I don't eat jacks and I don't eat P-dogs either. :shock: :wink:


----------



## hunter_orange13 (Oct 11, 2008)

awesome! i went out on my birthday (my parents were making fun of me. thats what i wanted to do) that was in december. i shot 3 but only have a few pics. they were all jacks. and yes, i did use a shotgun. :lol: i went out again on the 30th and only saw 2. thats a slow day for me this year!

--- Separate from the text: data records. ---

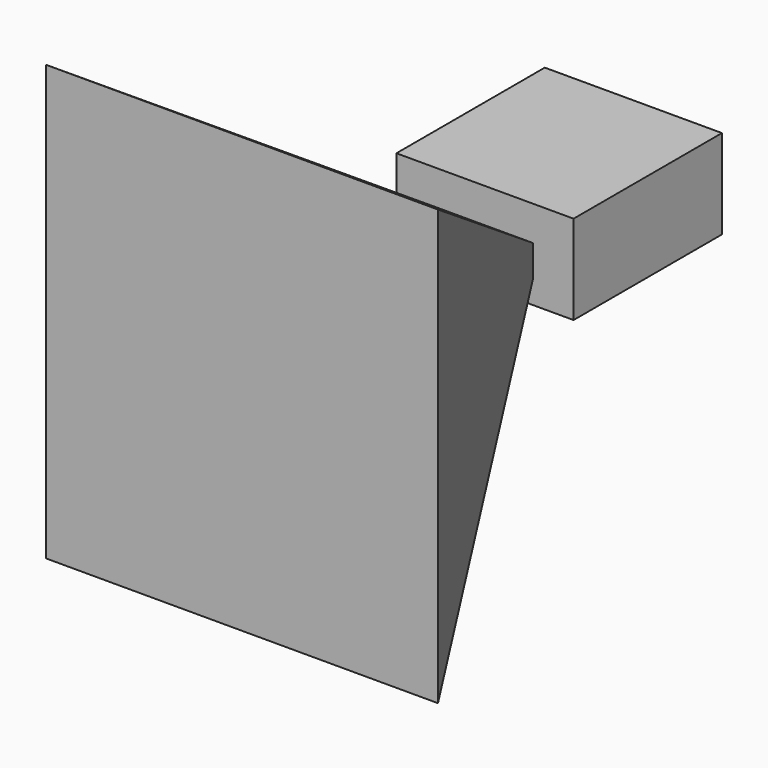
from build123d import *

# Parameters (mm, degrees)
F1_W     = 58.32
F1_H     = 61.06
F1_R     = 1.5
F2_DEPTH = 29.39
F8_W     = 129.0165177132
F8_H     = 143.0771122391
F3_W     = 31.47
F3_H     = 10.7


with BuildPart() as f2:
    # F1 (on offset) → F2 (new body)
    with BuildSketch(Plane.XY.offset(-12.64)):
        with Locations((0, 30.53)):
            Rectangle(F1_W, F1_H)
        with Locations((15.73, 16.46)):
            Circle(F1_R, mode=Mode.SUBTRACT)
        with Locations((-15.77, 46.69)):
            Circle(F1_R, mode=Mode.SUBTRACT)
        with Locations((-15.77, 46.69)):
            Circle(F1_R)
        with Locations((15.73, 16.46)):
            Circle(F1_R)
    extrude(amount=F2_DEPTH)

    # F8 (on offset) → F9 section 0
    with BuildSketch(Plane.XZ.offset(100)):
        Rectangle(F8_W, F8_H)
    # F3 (on face) → F9 section 1
    with BuildSketch(Plane.XZ):
        Rectangle(F3_W, F3_H)
    loft()


solid = f2.part
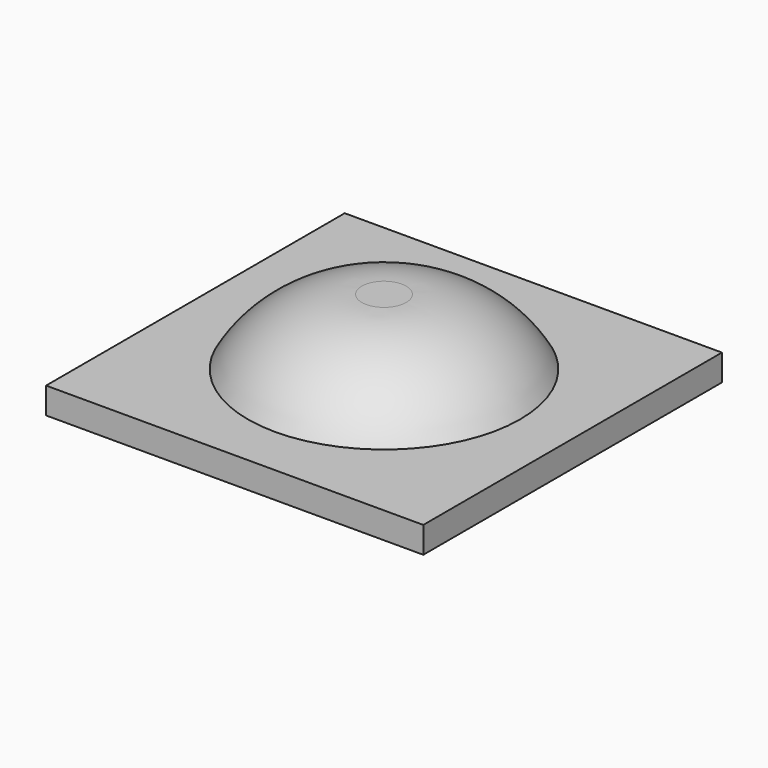
from build123d import *

# Parameters (mm, degrees)
F0_R     = 26.2781927152
F1_DEPTH = 12.7
F3_W     = 72.8053152561
F3_H     = 72.0469206572
F4_DEPTH = 5.08


# Not quite as in the source:
# - a fillet or chamfer that OpenCascade refuses, or shapes differently, is made with other operations: its cross-section is extruded or revolved along the edge and cut away or added


with BuildPart() as f1:
    # F0 (on Top) → F1 (new body)
    with BuildSketch(Plane.XY):
        Circle(F0_R)
    extrude(amount=F1_DEPTH)

    # F2: fillet of radius 25.4 on 1 edges, made by hand

    # F2_s1 → F2_t2 (revolve, cut)
    with BuildSketch(Plane.XZ):
        with BuildLine():
            ThreePointArc((26.2781927152, 0), (16.9811474591, 9.2970452561), (4.2811474591, 12.7))
            Line((4.2811474591, 12.7), (26.2781927152, 12.7))
            Line((26.2781927152, 12.7), (26.2781927152, 0))
        make_face()
    revolve(axis=Axis((0, 0, 12.7), (0, 0, 1)), mode=Mode.SUBTRACT)

    # F3 (on Top) → F4 (join)
    with BuildSketch(Plane.XY):
        Rectangle(F3_W, F3_H)
    extrude(amount=-F4_DEPTH)


solid = f1.part

btw: the pics are of the same one.


----------



## Leaky (Sep 11, 2007)

Al Hansen ,

P dogs, why not? Have you ever tasted one? :lol: :lol: :lol:


----------



## Al Hansen (Sep 7, 2007)

Nothing left accept a vaper trail. :wink:


----------



## .45 (Sep 21, 2007)

Al....check out those pics of hunter_orange13....that's what rabbits look like !!!!! :wink: 

Two weeks... :lol:


----------



## Al Hansen (Sep 7, 2007)

I saw em. Kids nowdays...........what ya gunna do. :wink: Nice orange, showing up the old folks. I forgot what they look like. :lol:


----------



## Al Hansen (Sep 7, 2007)

Hey .45. Was that a jack steak? :_O=:


----------



## hunter_orange13 (Oct 11, 2008)

its awesome. especailly because i live out here in the sticks and the foothills are a walk away from my house. its sweet now that i'm 16 i can just walk there and hunt by my self haha


----------



## Al Hansen (Sep 7, 2007)

hunter_orange13 said:


> its awesome. especailly because i live out here in the sticks and the foothills are a walk away from my house. its sweet now that i'm 16 i can just walk there and hunt by my self haha


PM sent.


----------



## hunter_orange13 (Oct 11, 2008)

right back atchya


----------



## Afishnado (Sep 18, 2007)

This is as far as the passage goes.